Ottawa Citizen

NBA could flatten out its draft lottery

- TIM BONTEMPS

For years, people in the media and in NBA front offices have lobbied for draft lottery reform.

This year, change might occur. Despite many competing ideas over the years as to the best fix, a slight tweak could solve the league’s quandary: Even the odds among potential lottery teams.

Under a new proposal, the highest odds of the No. 1 pick (25 per cent) would no longer be given to the worst team, followed by the next two poorest records (at 19.9 and 15.6 per cent).

Instead, those three teams would have the same chances of landing the No. 1 pick, while teams behind them would have a greater chance of leaping up in the lottery.

Getting one of those top picks is not a guarantee of success. The Warriors, for example, drafted only one of their core players, Stephen Curry, in the top 10 — and he was taken at No. 7, back in the 2009 draft.

Under the current system, it makes sense for teams to deliberate­ly tank.

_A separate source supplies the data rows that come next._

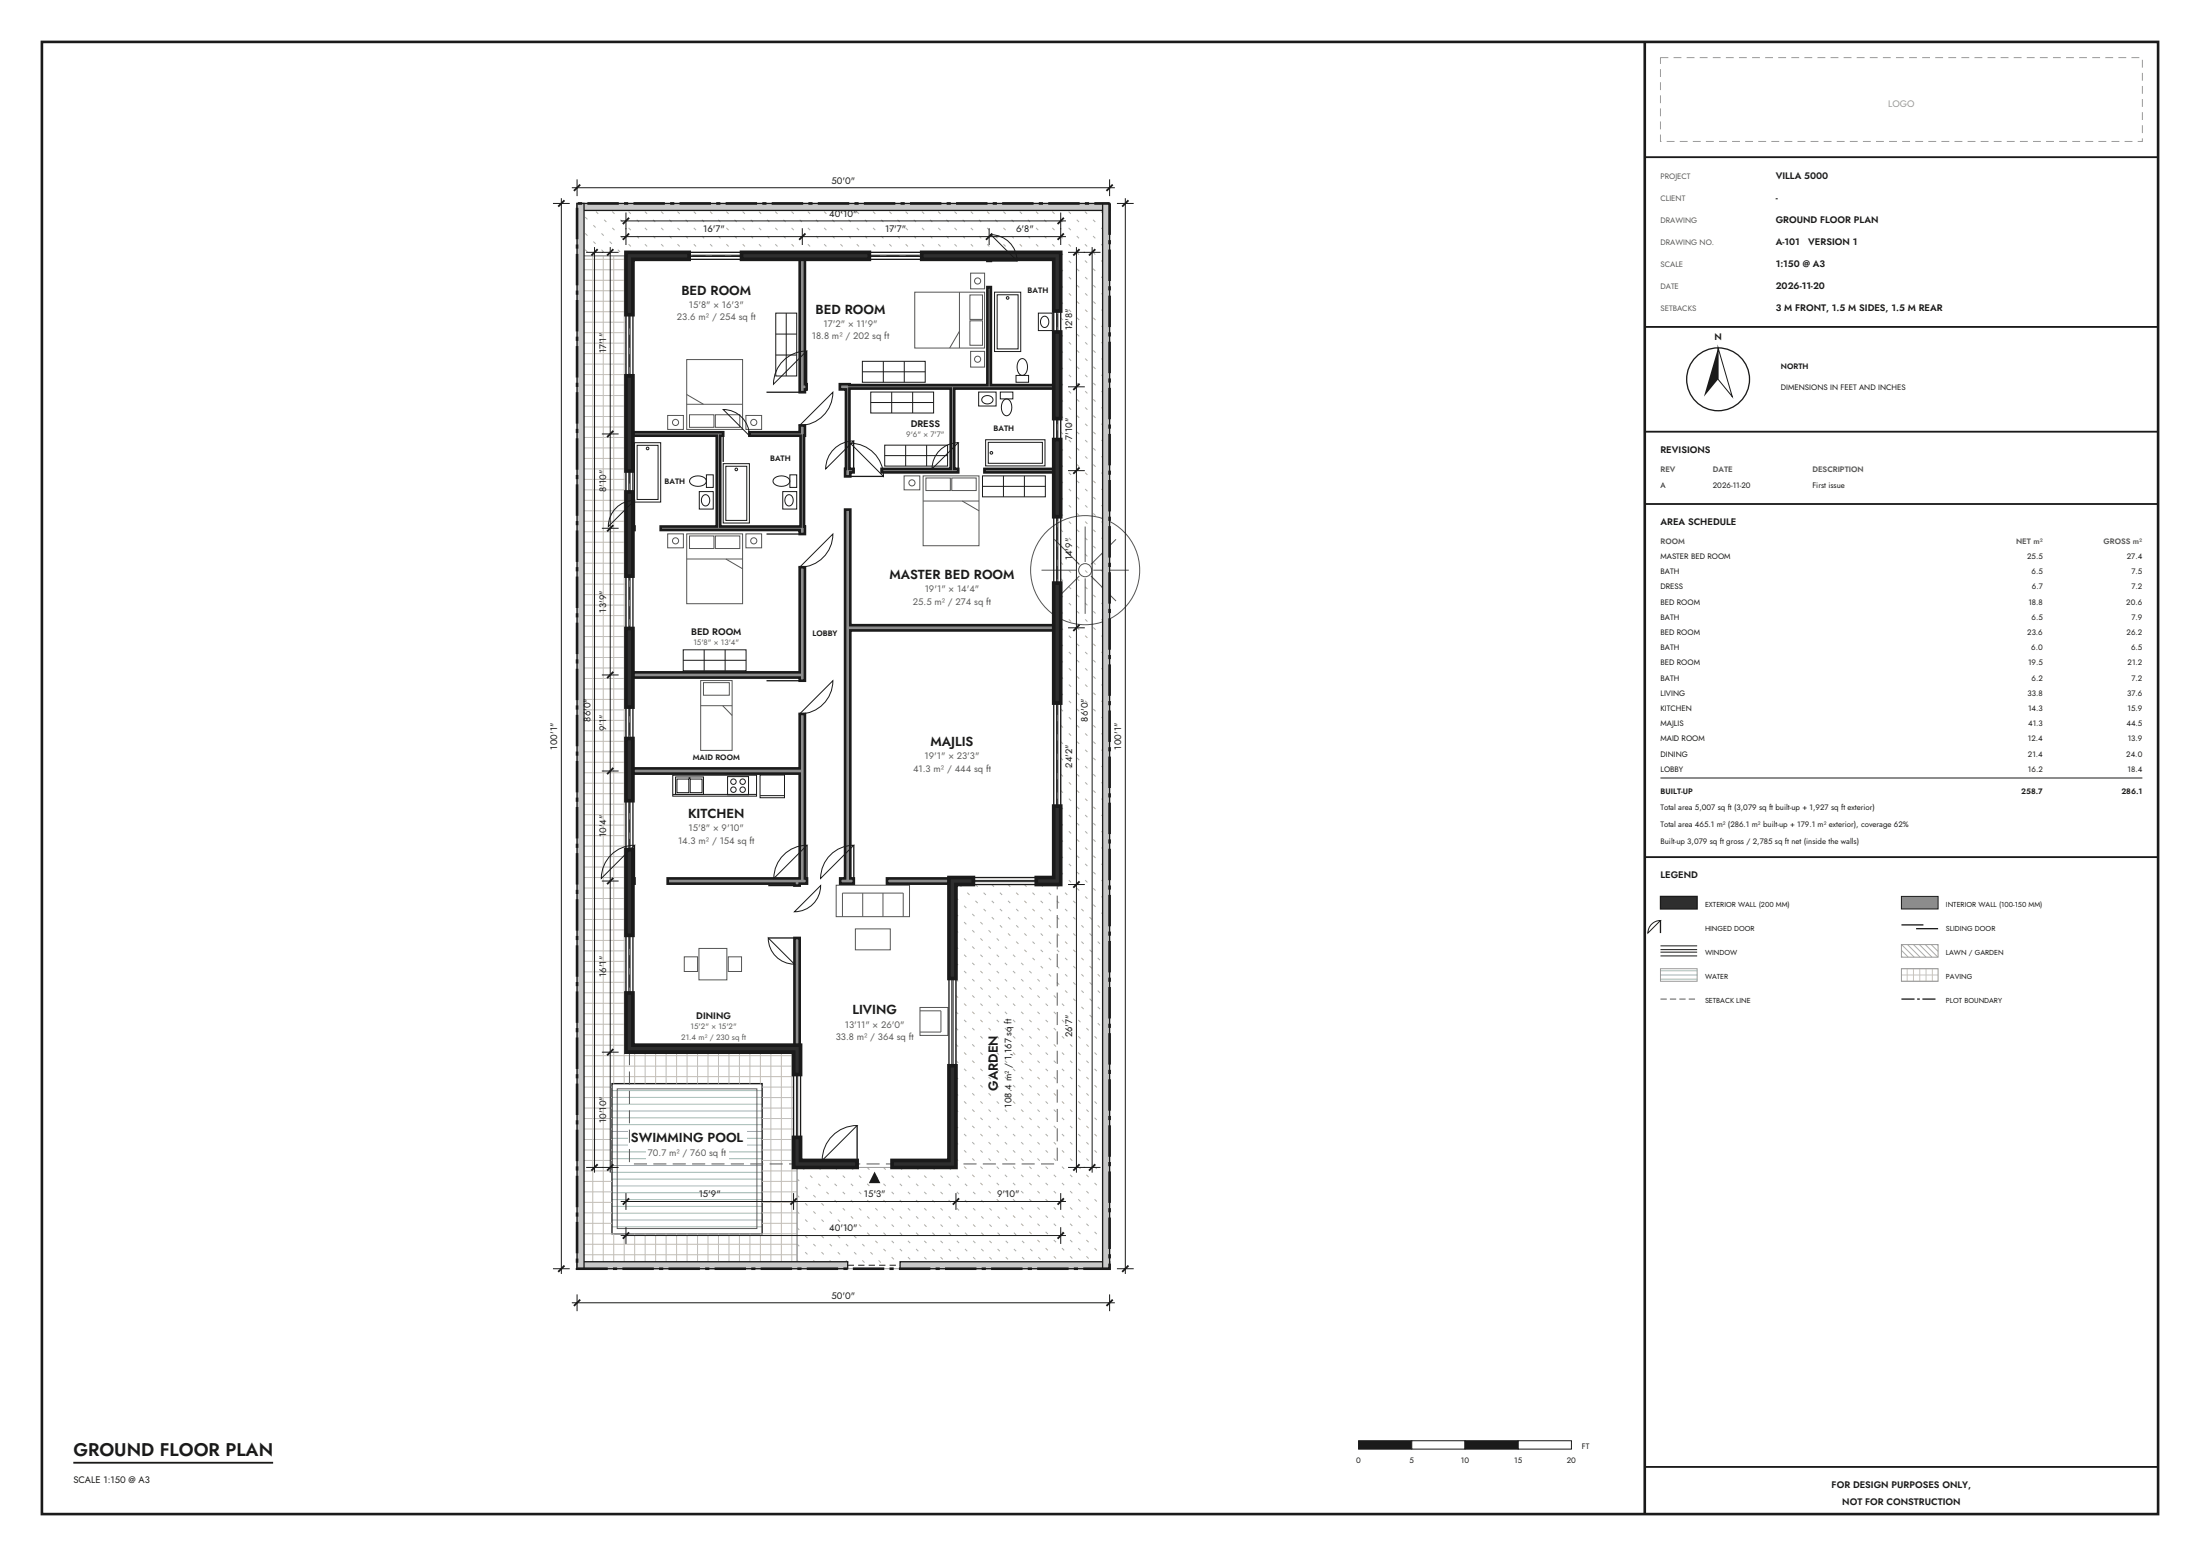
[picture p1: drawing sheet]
<svg xmlns="http://www.w3.org/2000/svg" width="420mm" height="297mm" viewBox="0 0 420 297" stroke-linecap="round" stroke-linejoin="round" font-family="sans-serif">
<path d="M8 8h404v281h-404z" fill="none" stroke="#1a1a1a" stroke-width=".5"/>
<g fill="none" stroke="#93b3c8" stroke-width=".19">
<path d="M116.8 206.9h28.7M116.8 208.2h28.7M116.8 209.5h28.7M116.8 210.8h28.7M116.8 212.1h28.7M116.8 213.4h28.7M116.8 214.7h28.7M116.8 216h28.7M116.8 217.3h28.7M116.8 218.6h28.7M116.8 219.9h28.7M116.8 221.2h28.7"/>
<path d="M116.8 222.5h28.7M116.8 223.8h28.7M116.8 225.1h28.7M116.8 226.4h28.7M116.8 227.7h28.7M116.8 229h28.7M116.8 230.3h28.7M116.8 231.6h28.7M116.8 232.9h28.7M116.8 234.2h28.7M116.8 235.5h28.7"/>
</g>
<path d="M116.8 206.8h28.7v28.7h-28.7z" fill="none" stroke="#1a1a1a" stroke-width=".25"/>
<path d="M117.8 207.8h26.7v26.7h-26.7z" fill="none" stroke="#5a5a5a" stroke-width=".19"/>
<g fill="none" stroke="#c2bdb4" stroke-width=".19">
<path d="M110.2 49.5h9.3M110.2 51.5h9.3M110.2 53.5h9.3M110.2 55.5h9.3M110.2 57.5h9.3M110.2 59.5h9.3M111.2 48.8v193.4M113.2 48.8v193.4M115.2 48.8v193.4M117.2 48.8v158M119.2 48.8v158M110.2 61.5h9.3"/>
<path d="M110.2 63.5h9.3M110.2 65.5h9.3M110.2 67.5h9.3M110.2 69.5h9.3M110.2 71.5h9.3M110.2 73.5h9.3M110.2 75.5h9.3M110.2 77.5h9.3M110.2 79.5h9.3M110.2 81.5h9.3M110.2 83.5h9.3M110.2 85.5h9.3"/>
<path d="M110.2 87.5h9.3M110.2 89.5h9.3M110.2 91.5h9.3M110.2 93.5h9.3M110.2 95.5h9.3M110.2 97.5h9.3M110.2 99.5h9.3M110.2 101.5h9.3M110.2 103.5h9.3M110.2 105.5h9.3M110.2 107.5h9.3M110.2 109.5h9.3"/>
<path d="M110.2 111.5h9.3M110.2 113.5h9.3M110.2 115.5h9.3M110.2 117.5h9.3M110.2 119.5h9.3M110.2 121.5h9.3M110.2 123.5h9.3M110.2 125.5h9.3M110.2 127.5h9.3M110.2 129.5h9.3M110.2 131.5h9.3M110.2 133.5h9.3"/>
<path d="M110.2 135.5h9.3M110.2 137.5h9.3M110.2 139.5h9.3M110.2 141.5h9.3M110.2 143.5h9.3M110.2 145.5h9.3M110.2 147.5h9.3M110.2 149.5h9.3M110.2 151.5h9.3M110.2 153.5h9.3M110.2 155.5h9.3M110.2 157.5h9.3"/>
<path d="M110.2 159.5h9.3M110.2 161.5h9.3M110.2 163.5h9.3M110.2 165.5h9.3M110.2 167.5h9.3M110.2 169.5h9.3M110.2 171.5h9.3M110.2 173.5h9.3M110.2 175.5h9.3M110.2 177.5h9.3M110.2 179.5h9.3M110.2 181.5h9.3"/>
<path d="M110.2 183.5h9.3M110.2 185.5h9.3M110.2 187.5h9.3M110.2 189.5h9.3M110.2 191.5h9.3M110.2 193.5h9.3M110.2 195.5h9.3M110.2 197.5h9.3M110.2 199.5h9.3M110.2 201.5h41.3M110.2 203.5h41.3M110.2 205.5h41.3"/>
<path d="M110.2 207.5h6.6M110.2 209.5h6.6M110.2 211.5h6.6M110.2 213.5h6.6M110.2 215.5h6.6M110.2 217.5h6.6M110.2 219.5h6.6M121.2 200.8v6M123.2 200.8v6M125.2 200.8v6M127.2 200.8v6M129.2 200.8v6"/>
<path d="M131.2 200.8v6M133.2 200.8v6M135.2 200.8v6M137.2 200.8v6M139.2 200.8v6M141.2 200.8v6M143.2 200.8v6M145.2 200.8v6M145.5 207.5h6M145.5 209.5h6M145.5 211.5h6M145.5 213.5h6"/>
<path d="M145.5 215.5h6M145.5 217.5h6M145.5 219.5h6M147.2 200.8v41.4M149.2 200.8v41.4M151.2 200.8v41.4M110.2 221.5h6.6M110.2 223.5h6.6M110.2 225.5h6.6M110.2 227.5h6.6M110.2 229.5h6.6M110.2 231.5h6.6"/>
<path d="M110.2 233.5h6.6M110.2 235.5h42M110.2 237.5h42M110.2 239.5h42M117.2 235.5v6.7M119.2 235.5v6.7M121.2 235.5v6.7M123.2 235.5v6.7M125.2 235.5v6.7M127.2 235.5v6.7M129.2 235.5v6.7M131.2 235.5v6.7"/>
<path d="M133.2 235.5v6.7M135.2 235.5v6.7M137.2 235.5v6.7M139.2 235.5v6.7M141.2 235.5v6.7M143.2 235.5v6.7M145.2 235.5v6.7M145.5 221.5h6M145.5 223.5h6.7M145.5 225.5h6.7M145.5 227.5h6.7M145.5 229.5h6.7"/>
<path d="M145.5 231.5h6.7M145.5 233.5h6.7M110.2 241.5h42"/>
</g>
<path d="M110.2 48.8h9.3v152h32v22h.7v19.4h-42z" fill="none" stroke="#9a9a9a" stroke-width=".19"/>
<g fill="#fff">
<path d="M119.8 215.3h22.7v4.1h-22.7z" fill-rule="evenodd"/>
<path d="M123.3 218.6h15.8v3h-15.8z" fill-rule="evenodd"/>
</g>
<g fill="none" stroke="#a9bb9b" stroke-width=".19" stroke-dasharray=".6 1.6" stroke-linecap="butt">
<path d="M110.2 39.9l8.9 8.9M112.2 38.8l9.4 9.4M115.3 38.8l9.4 9.4M118.4 38.8l9.4 9.4M121.6 38.8l9.3 9.4M124.7 38.8l9.3 9.4M127.8 38.8l9.3 9.4M130.9 38.8l9.3 9.4M134 38.8l9.3 9.4M137.1 38.8l9.3 9.4M140.2 38.8l9.4 9.4M143.3 38.8l9.4 9.4"/>
<path d="M146.4 38.8l9.4 9.4M149.6 38.8l9.3 9.4M152.7 38.8l9.3 9.4M155.8 38.8l9.3 9.4M158.9 38.8l9.3 9.4M162 38.8l9.3 9.4M165.1 38.8l9.3 9.4M168.2 38.8l9.4 9.4M171.3 38.8l9.4 9.4M174.5 38.8l9.3 9.4M177.6 38.8l9.3 9.4M180.7 38.8l9.3 9.4"/>
<path d="M183.8 38.8l9.3 9.4M186.9 38.8l9.3 9.4M190 38.8l9.3 9.4M193.1 38.8l9.4 9.4M196.2 38.8l15.6 15.6M199.3 38.8l12.5 12.5M202.5 38.8l9.3 9.4M205.6 38.8l6.2 6.3M208.7 38.8l3.1 3.2M110.2 43l5.8 5.8M110.2 46.1l2.7 2.7M202.5 48.2l9.3 9.3"/>
<path d="M202.5 51.3l9.3 9.4M202.5 54.4l9.3 9.4M202.5 57.5l9.3 9.4M202.5 60.7l9.3 9.3M202.5 63.8l9.3 9.3M202.5 66.9l9.3 9.3M202.5 70l9.3 9.3M202.5 73.1l9.3 9.3M202.5 76.2l9.3 9.4M202.5 79.3l9.3 9.4M202.5 82.4l9.3 9.4M202.5 85.6l9.3 9.3"/>
<path d="M202.5 88.7l9.3 9.3M202.5 91.8l9.3 9.3M202.5 94.9l9.3 9.3M202.5 98l9.3 9.3M202.5 101.1l9.3 9.3M202.5 104.2l9.3 9.4M202.5 107.3l9.3 9.4M202.5 110.4l9.3 9.4M202.5 113.6l9.3 9.3M202.5 116.7l9.3 9.3M202.5 119.8l9.3 9.3M202.5 122.9l9.3 9.3"/>
<path d="M202.5 126l9.3 9.3M202.5 129.1l9.3 9.3M202.5 132.2l9.3 9.4M202.5 135.3l9.3 9.4M202.5 138.4l9.3 9.4M202.5 141.6l9.3 9.3M202.5 144.7l9.3 9.3M202.5 147.8l9.3 9.3M202.5 150.9l9.3 9.3M202.5 154l9.3 9.3M202.5 157.1l9.3 9.3M182.5 171.3l29.3 29.4"/>
<path d="M182.5 174.4l29.3 29.4M182.5 177.6l29.3 29.3M183.1 168.8l28.7 28.8M186.2 168.8l25.6 25.6M189.3 168.8l22.5 22.5M192.4 168.8l19.4 19.4M195.6 168.8l16.2 16.3M198.7 168.8l13.1 13.2M201.8 168.8l10 10.1M202.5 160.2l9.3 9.4M202.5 163.3l9.3 9.4M202.5 166.4l9.3 9.4"/>
<path d="M182.5 180.7l29.3 29.3M182.5 183.8l29.3 29.3M182.5 186.9l29.3 29.3M182.5 190l29.3 29.3M182.5 193.1l29.3 29.3M182.5 196.2l29.3 29.4M182.5 199.3l29.3 29.4M182.5 202.4l29.3 29.4M182.5 205.6l29.3 29.3M182.5 208.7l29.3 29.3M182.5 211.8l29.3 29.3M182.5 214.9l27.3 27.3"/>
<path d="M182.5 218l24.2 24.2M152.2 225l17.1 17.2M152.2 228.1l14 14.1M152.2 231.2l10.9 11M152.2 234.3l7.8 7.9M152.2 237.4l4.7 4.8M153.1 222.8l19.3 19.4M156.2 222.8l19.4 19.4M159.3 222.8l19.4 19.4M162.4 222.8l19.4 19.4M165.6 222.8l19.3 19.4M168.7 222.8l19.3 19.4"/>
<path d="M171.8 222.8l19.3 19.4M174.9 222.8l19.3 19.4M178 222.8l19.3 19.4M181.1 222.8l19.3 19.4M182.5 221.1l21.1 21.1M152.2 240.6l1.6 1.6"/>
</g>
<path d="M110.2 38.8h101.6v203.4h-59.6v-19.4h30.3v-54h20v-120.6h-83v.6h-9.3z" fill="none" stroke="#9a9a9a" stroke-width=".19"/>
<g fill="none" stroke="#555" stroke-width=".19">
<path d="M198.8 108.8h6.8M201.3 102.9l4.8 4.8M206.1 109.9l-4.8 4.8M207.2 100.5v6.8M207.2 110.4v6.8M208.3 109.9l4.8 4.8M208.7 108.8h6.8M213.1 102.9l-4.8 4.8"/>
<circle cx="207.2" cy="108.8" r="1.25"/>
<circle cx="207.2" cy="108.8" r="10.4"/>
</g>
<g fill="#c8c8c8" stroke="#1a1a1a" stroke-width=".25">
<path d="M110.2 240.8h51.6v1.4h-51.6z" fill-rule="evenodd"/>
<path d="M171.8 240.8h40v1.4h-40z" fill-rule="evenodd"/>
<path d="M110.2 38.8h101.6v1.4h-101.6z" fill-rule="evenodd"/>
<path d="M110.2 38.8h1.3v203.4h-1.3z" fill-rule="evenodd"/>
<path d="M210.5 38.8h1.3v203.4h-1.3z" fill-rule="evenodd"/>
</g>
<path d="M161.8 241.5h10" fill="none" stroke="#1a1a1a" stroke-width=".19" stroke-dasharray="1.2 .8" stroke-linecap="butt"/>
<path d="M110.2 38.8h101.6v203.4h-101.6z" fill="none" stroke="#1a1a1a" stroke-width=".5" stroke-dasharray="6 1 .8 1" stroke-linecap="butt"/>
<path d="M120.2 48.8h81.6v173.4h-81.6z" fill="none" stroke="#5a5a5a" stroke-width=".19" stroke-dasharray="2.5 1.2" stroke-linecap="butt"/>
<g fill="none" stroke="#555" stroke-width=".19">
<path d="M174.6 55.8h13.4v10.6h-13.4zM183.2 55.8v10.6M185.2 56.3h2.4v4.7h-2.4zM185.3 52.1h2.7v3h-2.7zM127.5 79.3h3v2.7h-3zM131.1 68.6h10.7v13.4h-10.7zM131.1 77.2h10.7M131.1 75.3l3.2 1.9M131.6 79.2h4.7v2.4h-4.7zM136.6 79.2h4.6v2.4h-4.6zM142.4 79.3h3v2.7h-3zM183.2 63.2l-1.9 3.2"/>
<path d="M185.2 61.2h2.4v4.7h-2.4zM185.3 67.1h2.7v3h-2.7zM172.6 90.8h3v2.7h-3zM176.2 90.8h10.7v13.4h-10.7zM176.2 95.6h10.7M176.8 91.2h4.6v2.4h-4.6zM181.7 91.2h4.7v2.4h-4.7zM183.7 95.6l3.2 1.9M127.5 101.9h3v2.7h-3zM131.1 101.9h10.7v13.3h-10.7zM131.1 106.7h10.7M131.6 102.3h4.7v2.4h-4.7z"/>
<path d="M136.6 102.3h4.6v2.4h-4.6zM138.6 106.7l3.2 1.9M142.4 101.9h3v2.7h-3zM133.8 129.9h6v13.3h-6zM133.8 134.7h6M134.3 130.3h4.9v2.4h-4.9zM138 134.7l1.8 1.9M159.6 169h14v6h-14zM160.8 175v-4.5h11.6v4.5M163.3 177.3h6.7v4h-6.7zM164.7 170.5v4.5M168.6 170.5v4.5"/>
<path d="M130.6 182.6h2.6v2.8h-2.6zM133.4 181h5.4v6h-5.4zM139 182.6h2.6v2.8h-2.6zM175.6 192.3h5.4v5.3h-5.4zM175.6 192.9h4v4.1h-4"/>
<circle cx="186.6" cy="53.6" r=".59"/>
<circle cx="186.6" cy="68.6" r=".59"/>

With the difference between the odds of winning the top pick varying from 25 per cent to the 4.3 per cent for the seventhwor­st record, teams have incentive to increase their odds as much as possible.

The proposal being examined by the competitio­n committee is also a creative implementa­tion of what has long seemed like the most obvious way to fix this problem — going back to the flat lottery system, when all 14 teams that missed the playoffs had the same chance to jump into the top three — without making teams think they might be better to avoid making the playoffs to have a chance to jump to the top of the heap and get a stud in the draft instead.

But the solution on the table now could be implemente­d as soon as the 2019, and it makes a lot of sense, as it removes the incentives to lose at the top of the lottery without creating them at the bottom.